I saw Mr. Winky...but if I didn't throw in the testy part I couldn't have made the lawn dart reference. And that was the whole point (pun intended).

Of course, I could have been like Greg and tell you that I'm also going to be at MRG but also gone before you're going to be there.


----------



## 2knees (Feb 20, 2007)

ahhh you guys are KILLING me.  if greg had vid of that, i wouldve made it my avatar.

well both you clowns need to give me the 411 on where to go, on the ELEVENTH!!!!


----------



## JimG. (Feb 20, 2007)

2knees said:


> ahhh you guys are KILLING me.  if greg had vid of that, i wouldve made it my avatar.




That was without doubt the best blowout I've seen all year. I started laughing so hard that it didn't occur to me to see if you were hurt until about 30 seconds after it happened. Thank God for all the fresh snow.

Can you imagine if you had tried to bury your head like that in iced over hardpack?


----------



## Greg (Feb 20, 2007)

2knees said:


> if greg had vid of that, i wouldve made it my avatar.



I have the vision of the aftermath firmly engraved in my head. I recall your skis (released) behind you with only the tips showing. You were a few feet ahead of them with your head just about buried completely in snow. One of the funniest wipe-outs I've seen in a while... :lol:


----------



## bvibert (Feb 20, 2007)

I can't believe that happened on the one run I missed!


----------



## Greg (Feb 20, 2007)

bvibert said:


> I can't believe that happened on the one run I missed!

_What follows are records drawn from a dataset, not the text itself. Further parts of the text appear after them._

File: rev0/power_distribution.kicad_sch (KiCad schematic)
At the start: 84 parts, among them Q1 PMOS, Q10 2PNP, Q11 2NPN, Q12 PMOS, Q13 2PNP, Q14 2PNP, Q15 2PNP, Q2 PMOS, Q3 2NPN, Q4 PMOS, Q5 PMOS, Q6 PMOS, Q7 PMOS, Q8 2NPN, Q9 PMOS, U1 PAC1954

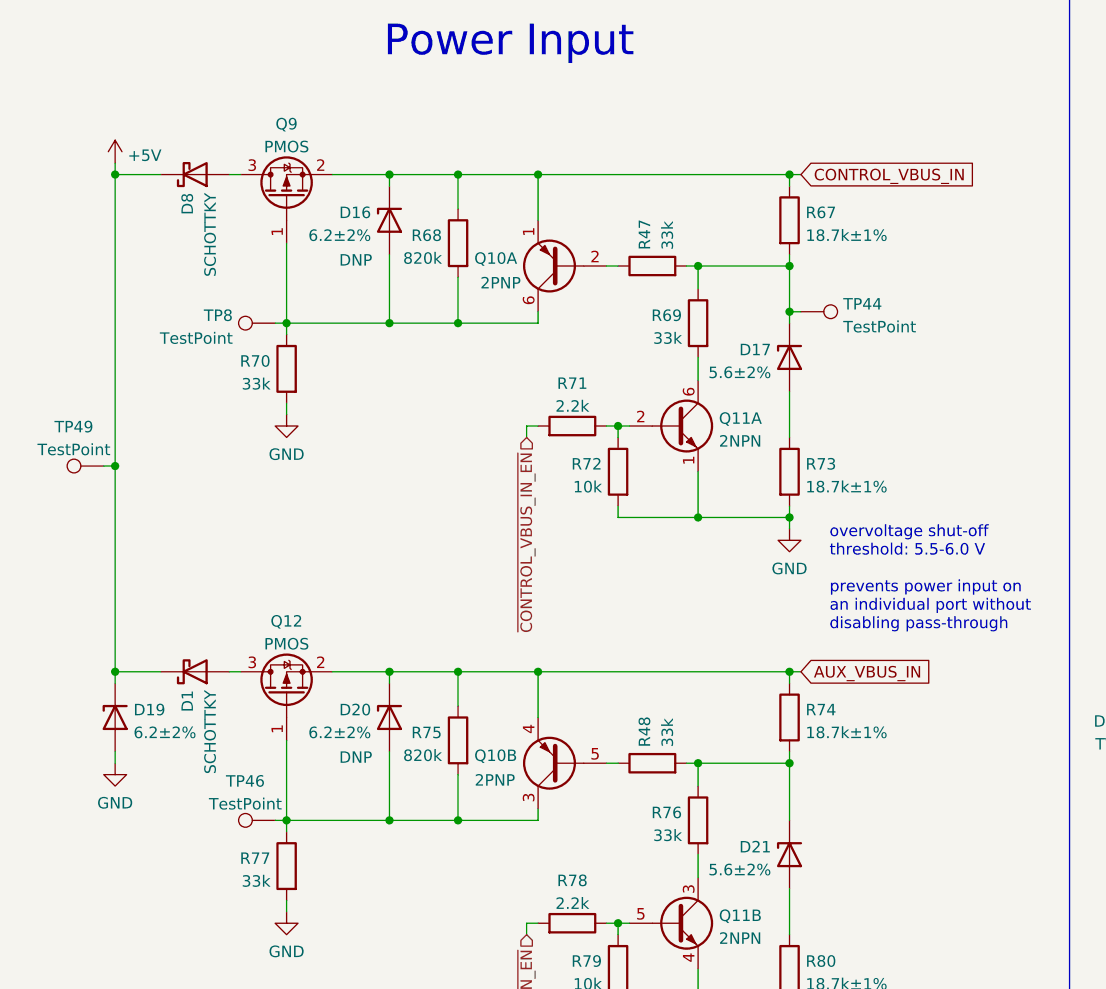
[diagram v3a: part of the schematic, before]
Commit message: hardware: update +5V input diodes
improve power dissipation
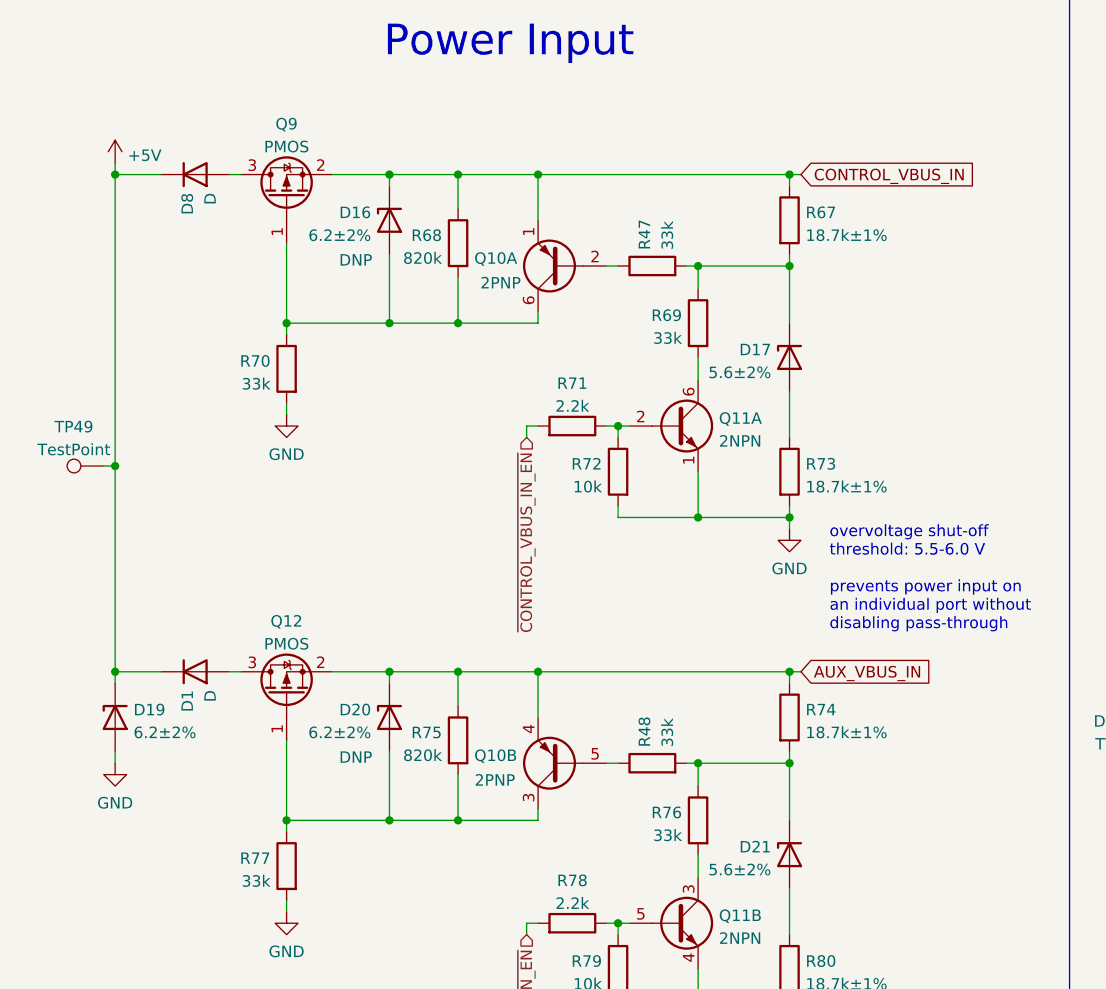
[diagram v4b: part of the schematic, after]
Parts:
- removed TP44, TP46, TP8: TestPoint, TestPoint:TestPoint_Pad_D1.0mm, symbol Connector:TestPoint
- D1, D8: value SCHOTTKY -> D; footprint Diode_SMD:D_SOD-123F -> luna:D_SOD-123FL; symbol Device:D_Schottky -> Device:D; Manufacturer Nexperia -> Yangzhou Yangjie; Part Number PMEG10010ELRX -> U1D
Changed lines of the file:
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@@
   (junction (at 261.62 93.98) (diameter 0) (color 0 0 0 0)
   )
-  (junction (at 98.425 52.705) (diameter 0) (color 0 0 0 0)
-  )
   (junction (at 139.065 45.085) (diameter 0) (color 0 0 0 0)
   )
@@
     (stroke (width 0) (type default) (color 0 0 0 0))
   )
-  (wire (pts (xy 98.425 52.705) (xy 98.425 47.625))
+  (wire (pts (xy 98.425 47.625) (xy 98.425 53.975))
     (stroke (width 0) (type default) (color 0 0 0 0))
   )
@@
     (stroke (width 0) (type default) (color 0 0 0 0))
   )
-  (wire (pts (xy 41.275 109.22) (xy 42.545 109.22))
-    (stroke (width 0) (type default) (color 0 0 0 0))
-  )
   (wire (pts (xy 62.23 179.07) (xy 60.96 179.07))
     (stroke (width 0) (type default) (color 0 0 0 0))
@@
     (stroke (width 0) (type default) (color 0 0 0 0))
   )
-  (wire (pts (xy 99.695 52.705) (xy 98.425 52.705))
-    (stroke (width 0) (type default) (color 0 0 0 0))
-  )
   (wire (pts (xy 179.07 129.54) (xy 187.96 129.54))
     (stroke (width 0) (type default) (color 0 0 0 0))
@@
     (stroke (width 0) (type default) (color 0 0 0 0))
   )
-  (wire (pts (xy 41.275 53.975) (xy 42.545 53.975))
-    (stroke (width 0) (type default) (color 0 0 0 0))
-  )
   (wire (pts (xy 139.065 46.355) (xy 139.065 45.085))
     (stroke (width 0) (type default) (color 0 0 0 0))
@@
     (stroke (width 0) (type default) (color 0 0 0 0))
   )
-  (wire (pts (xy 98.425 53.975) (xy 98.425 52.705))
-    (stroke (width 0) (type default) (color 0 0 0 0))
-  )
   (wire (pts (xy 62.23 176.53) (xy 60.96 176.53))
     (stroke (width 0) (type default) (color 0 0 0 0))
@@
     (pin "2")
   )
-  (symbol (lib_id "Device:D_Schottky") (at 32.385 92.71 0) (mirror x) (unit 1)
+  (symbol (lib_id "Device:D") (at 32.385 92.71 0) (mirror x) (unit 1)
     (in_bom yes) (on_board yes)
     (property "Reference" "D1" (id 0) (at 31.5503 94.742 90)
       (effects (font (size 1.27 1.27)) (justify left))
     )
-    (property "Value" "SCHOTTKY" (id 1) (at 34.0872 94.742 90)
+    (property "Value" "D" (id 1) (at 34.0872 94.742 90)
       (effects (font (size 1.27 1.27)) (justify left))
     )
-    (property "Footprint" "Diode_SMD:D_SOD-123F" (id 2) (at 32.385 92.71 0)
+    (property "Footprint" "luna:D_SOD-123FL" (id 2) (at 32.385 92.71 0)
       (effects (font (size 1.27 1.27)) hide)
     )
-    (property "Datasheet" "https://assets.nexperia.com/documents/data-sheet/PMEG10010ELR.pdf" (id 3) (at 32.385 92.71 0)
+    (property "Datasheet" "https://www.21yangjie.com/ggs/zlqj/ckfhejg/U1A%20THRU%20U1J.pdf" (id 3) (at 32.385 92.71 0)
       (effects (font (size 1.27 1.27)) hide)
     )
-    (property "Manufacturer" "Nexperia" (id 5) (at 32.385 92.71 0)
+    (property "Manufacturer" "Yangzhou Yangjie" (id 5) (at 32.385 92.71 0)
       (effects (font (size 1.27 1.27)) hide)
     )
-    (property "Part Number" "PMEG10010ELRX" (id 6) (at 32.385 92.71 0)
+    (property "Part Number" "U1D" (id 6) (at 32.385 92.71 0)
       (effects (font (size 1.27 1.27)) hide)
     )
-    (property "Description" "DIODE SCHOTTKY 100V 1A SOD123W" (id 7) (at 32.385 92.71 0)
+    (property "Description" "SOD-123FL 200V 1.0A  Diodes Rec" (id 7) (at 32.385 92.71 0)
       (effects (font (size 1.27 1.27)) hide)
     )
@@
     (pin "2")
   )
-  (symbol (lib_id "Connector:TestPoint") (at 41.275 109.22 90) (unit 1)
-    (in_bom no) (on_board yes) (fields_autoplaced)
-    (property "Reference" "TP46" (id 0) (at 37.973 104.8852 90))
-    (property "Value" "TestPoint" (id 1) (at 37.973 107.4221 90))
-    (property "Footprint" "TestPoint:TestPoint_Pad_D1.0mm" (id 2) (at 41.275 104.14 0)
-      (effects (font (size 1.27 1.27)) hide)
-    )
-    (property "Datasheet" "~" (id 3) (at 41.275 104.14 0)
-      (effects (font (size 1.27 1.27)) hide)
-    )
-    (pin "1")
-  )
   (symbol (lib_id "Device:Q_Dual_PNP_PNP_E1B1C2E2B2C1") (at 181.61 100.33 180) (unit 2)
     (in_bom yes) (on_board yes)
@@
     (pin "1")
   )
-  (symbol (lib_id "Connector:TestPoint") (at 99.695 52.705 270) (mirror x) (unit 1)
-    (in_bom no) (on_board yes) (fields_autoplaced)
-    (property "Reference" "TP44" (id 0) (at 104.394 51.8703 90)
-      (effects (font (size 1.27 1.27)) (justify left))
-    )
-    (property "Value" "TestPoint" (id 1) (at 104.394 54.4072 90)
-      (effects (font (size 1.27 1.27)) (justify left))
-    )
-    (property "Footprint" "TestPoint:TestPoint_Pad_D1.0mm" (id 2) (at 99.695 47.625 0)
-      (effects (font (size 1.27 1.27)) hide)
-    )
-    (property "Datasheet" "~" (id 3) (at 99.695 47.625 0)
-      (effects (font (size 1.27 1.27)) hide)
-    )
-    (pin "1")
-  )
   (symbol (lib_id "Device:D_Zener") (at 275.59 99.06 90) (mirror x) (unit 1)
     (in_bom yes) (on_board yes) (fields_autoplaced)
@@
     (pin "2")
   )
-  (symbol (lib_id "Connector:TestPoint") (at 41.275 53.975 90) (unit 1)
-    (in_bom no) (on_board yes) (fields_autoplaced)
-    (property "Reference" "TP8" (id 0) (at 36.576 53.1403 90)
-      (effects (font (size 1.27 1.27)) (justify left))
-    )
-    (property "Value" "TestPoint" (id 1) (at 36.576 55.6772 90)
-      (effects (font (size 1.27 1.27)) (justify left))
-    )
-    (property "Footprint" "TestPoint:TestPoint_Pad_D1.0mm" (id 2) (at 41.275 48.895 0)
-      (effects (font (size 1.27 1.27)) hide)
-    )
-    (property "Datasheet" "~" (id 3) (at 41.275 48.895 0)
-      (effects (font (size 1.27 1.27)) hide)
-    )
-    (pin "1")
-  )
   (symbol (lib_id "Device:D_Zener") (at 23.495 97.79 90) (mirror x) (unit 1)
     (in_bom yes) (on_board yes) (fields_autoplaced)
@@
     (pin "4")
   )
-  (symbol (lib_id "Device:D_Schottky") (at 32.385 37.465 0) (mirror x) (unit 1)
+  (symbol (lib_id "Device:D") (at 32.385 37.465 0) (mirror x) (unit 1)
     (in_bom yes) (on_board yes)
     (property "Reference" "D8" (id 0) (at 31.5503 39.497 90)
       (effects (font (size 1.27 1.27)) (justify left))
     )
-    (property "Value" "SCHOTTKY" (id 1) (at 34.0872 39.497 90)
+    (property "Value" "D" (id 1) (at 34.0872 39.497 90)
       (effects (font (size 1.27 1.27)) (justify left))
     )
-    (property "Footprint" "Diode_SMD:D_SOD-123F" (id 2) (at 32.385 37.465 0)
+    (property "Footprint" "luna:D_SOD-123FL" (id 2) (at 32.385 37.465 0)
       (effects (font (size 1.27 1.27)) hide)
     )
-    (property "Datasheet" "https://assets.nexperia.com/documents/data-sheet/PMEG10010ELR.pdf" (id 3) (at 32.385 37.465 0)
+    (property "Datasheet" "https://www.21yangjie.com/ggs/zlqj/ckfhejg/U1A%20THRU%20U1J.pdf" (id 3) (at 32.385 37.465 0)
       (effects (font (size 1.27 1.27)) hide)
     )
-    (property "Manufacturer" "Nexperia" (id 5) (at 32.385 37.465 0)
+    (property "Manufacturer" "Yangzhou Yangjie" (id 5) (at 32.385 37.465 0)
       (effects (font (size 1.27 1.27)) hide)
     )
-    (property "Part Number" "PMEG10010ELRX" (id 6) (at 32.385 37.465 0)
+    (property "Part Number" "U1D" (id 6) (at 32.385 37.465 0)
       (effects (font (size 1.27 1.27)) hide)
     )
-    (property "Description" "DIODE SCHOTTKY 100V 1A SOD123W" (id 7) (at 32.385 37.465 0)
+    (property "Description" "SOD-123FL 200V 1.0A  Diodes Rec" (id 7) (at 32.385 37.465 0)
       (effects (font (size 1.27 1.27)) hide)
     )

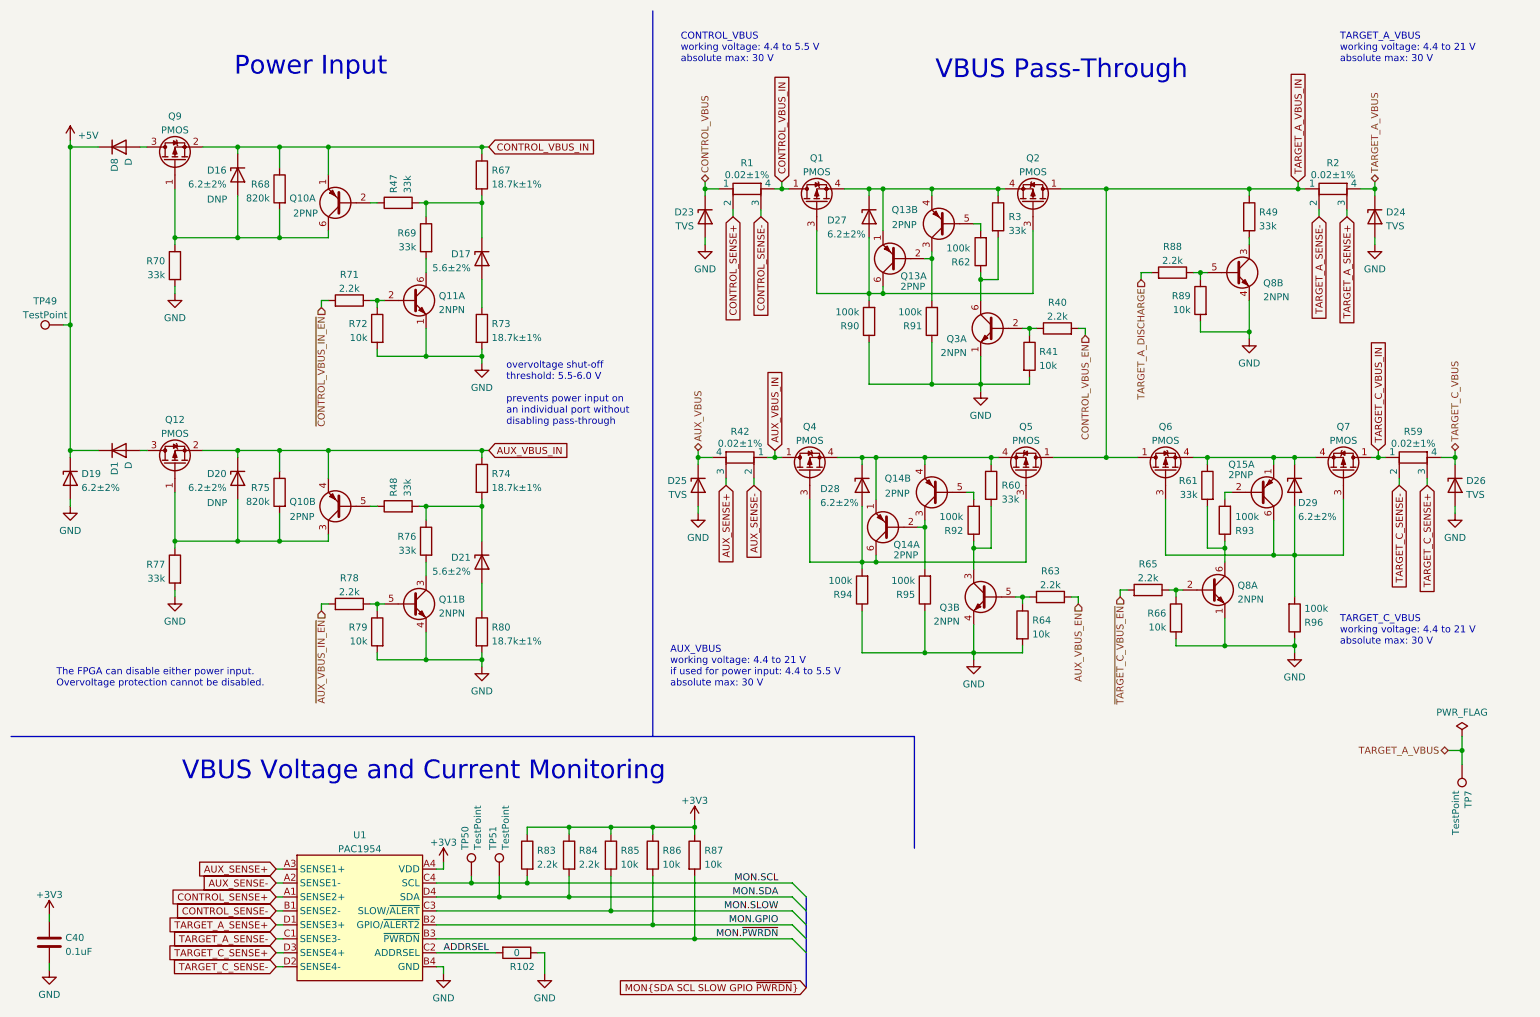
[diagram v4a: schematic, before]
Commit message: hardware: update current sense resistor footprint
- use standard 0603 footprint for reliable assembly
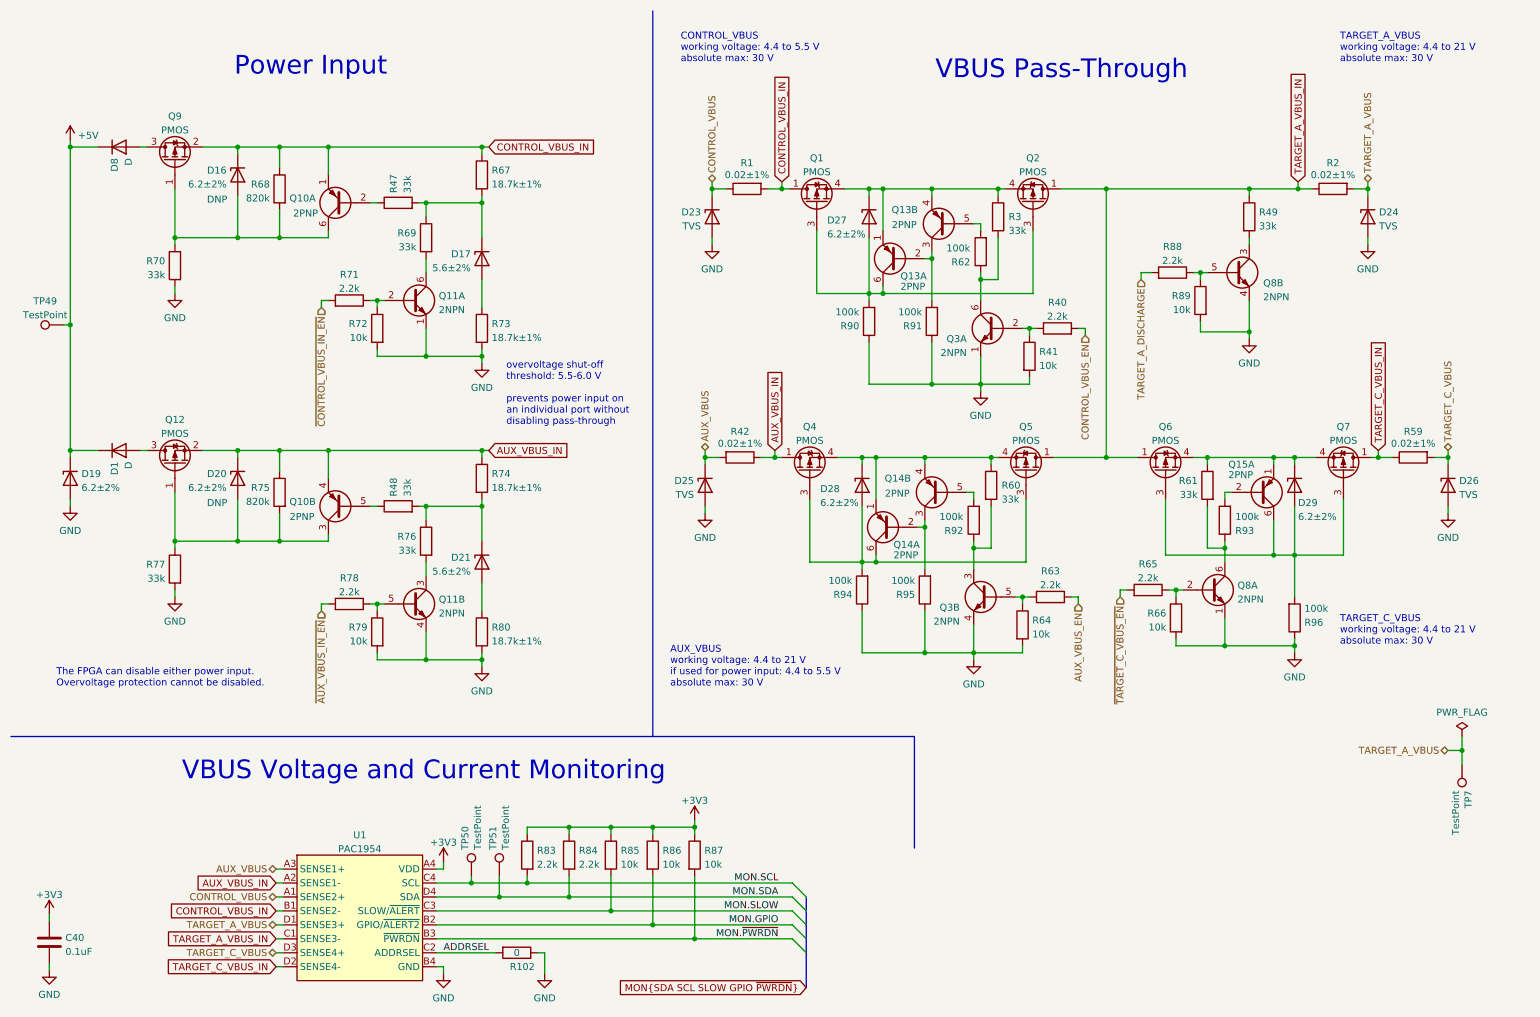
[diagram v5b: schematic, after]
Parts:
- R1, R2, R42, R59: footprint luna:R_0603_1608Metric_Current_Sense -> Resistor_SMD:R_0603_1608Metric; symbol Device:R_Shunt -> Device:R
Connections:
- net AUX_VBUS: now also R42.2, U1.A3 (SENSE1+); no longer R42.4
- net AUX_VBUS_IN: now also U1.A2 (SENSE1-)
- net CONTROL_VBUS: now also U1.A1 (SENSE2+)
- net CONTROL_VBUS_IN: now also R1.2, U1.B1 (SENSE2-); no longer R1.4
- net TARGET_A_VBUS: now also R2.2, U1.D1 (SENSE3+); no longer R2.4
- net TARGET_A_VBUS_IN: now also U1.C1 (SENSE3-)
- net TARGET_C_VBUS: now also R59.2, U1.D3 (SENSE4+); no longer R59.4
- net TARGET_C_VBUS_IN: now also U1.D2 (SENSE4-)
- removed net AUX_SENSE+: R42.3, U1.A3 (SENSE1+)
- removed net AUX_SENSE-: R42.2, U1.A2 (SENSE1-)
- removed net CONTROL_SENSE+: R1.2, U1.A1 (SENSE2+)
- removed net CONTROL_SENSE-: R1.3, U1.B1 (SENSE2-)
- removed net TARGET_A_SENSE+: R2.3, U1.D1 (SENSE3+)
- removed net TARGET_A_SENSE-: R2.2, U1.C1 (SENSE3-)
- removed net TARGET_C_SENSE+: R59.3, U1.D3 (SENSE4+)
- removed net TARGET_C_SENSE-: R59.2, U1.D2 (SENSE4-)
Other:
- moved on the sheet: D23, D24, D25, D26

You had a pretty impressive spin-move kind of wipe-out on the Volkls at your first attempt at Slide of Hans. I actually thought you hurt yourself on that one... :-o

Back on topic.....who's gonna film 2knees's wipe-outs at MRG on the 11th?


----------



## roark (Feb 20, 2007)

I'm tempted. Too early to commit for me. If we had a guide I'd be more inclined.


----------



## ALLSKIING (Feb 20, 2007)

I will be on may way up to the MRV on the 11th....That does no help either


----------



## bvibert (Feb 20, 2007)

Greg said:


> You had a pretty impressive spin-move kind of wipe-out on the Volkls at your first attempt at Slide of Hans. I actually thought you hurt yourself on that one... :-o
> 
> Back on topic.....who's gonna film 2knees's wipe-outs at MRG on the 11th?



At the top section?  I was thinking it was going to hurt as it was happening, fortunately it didn't.  Although that might explain why my neck has been so sore since then... 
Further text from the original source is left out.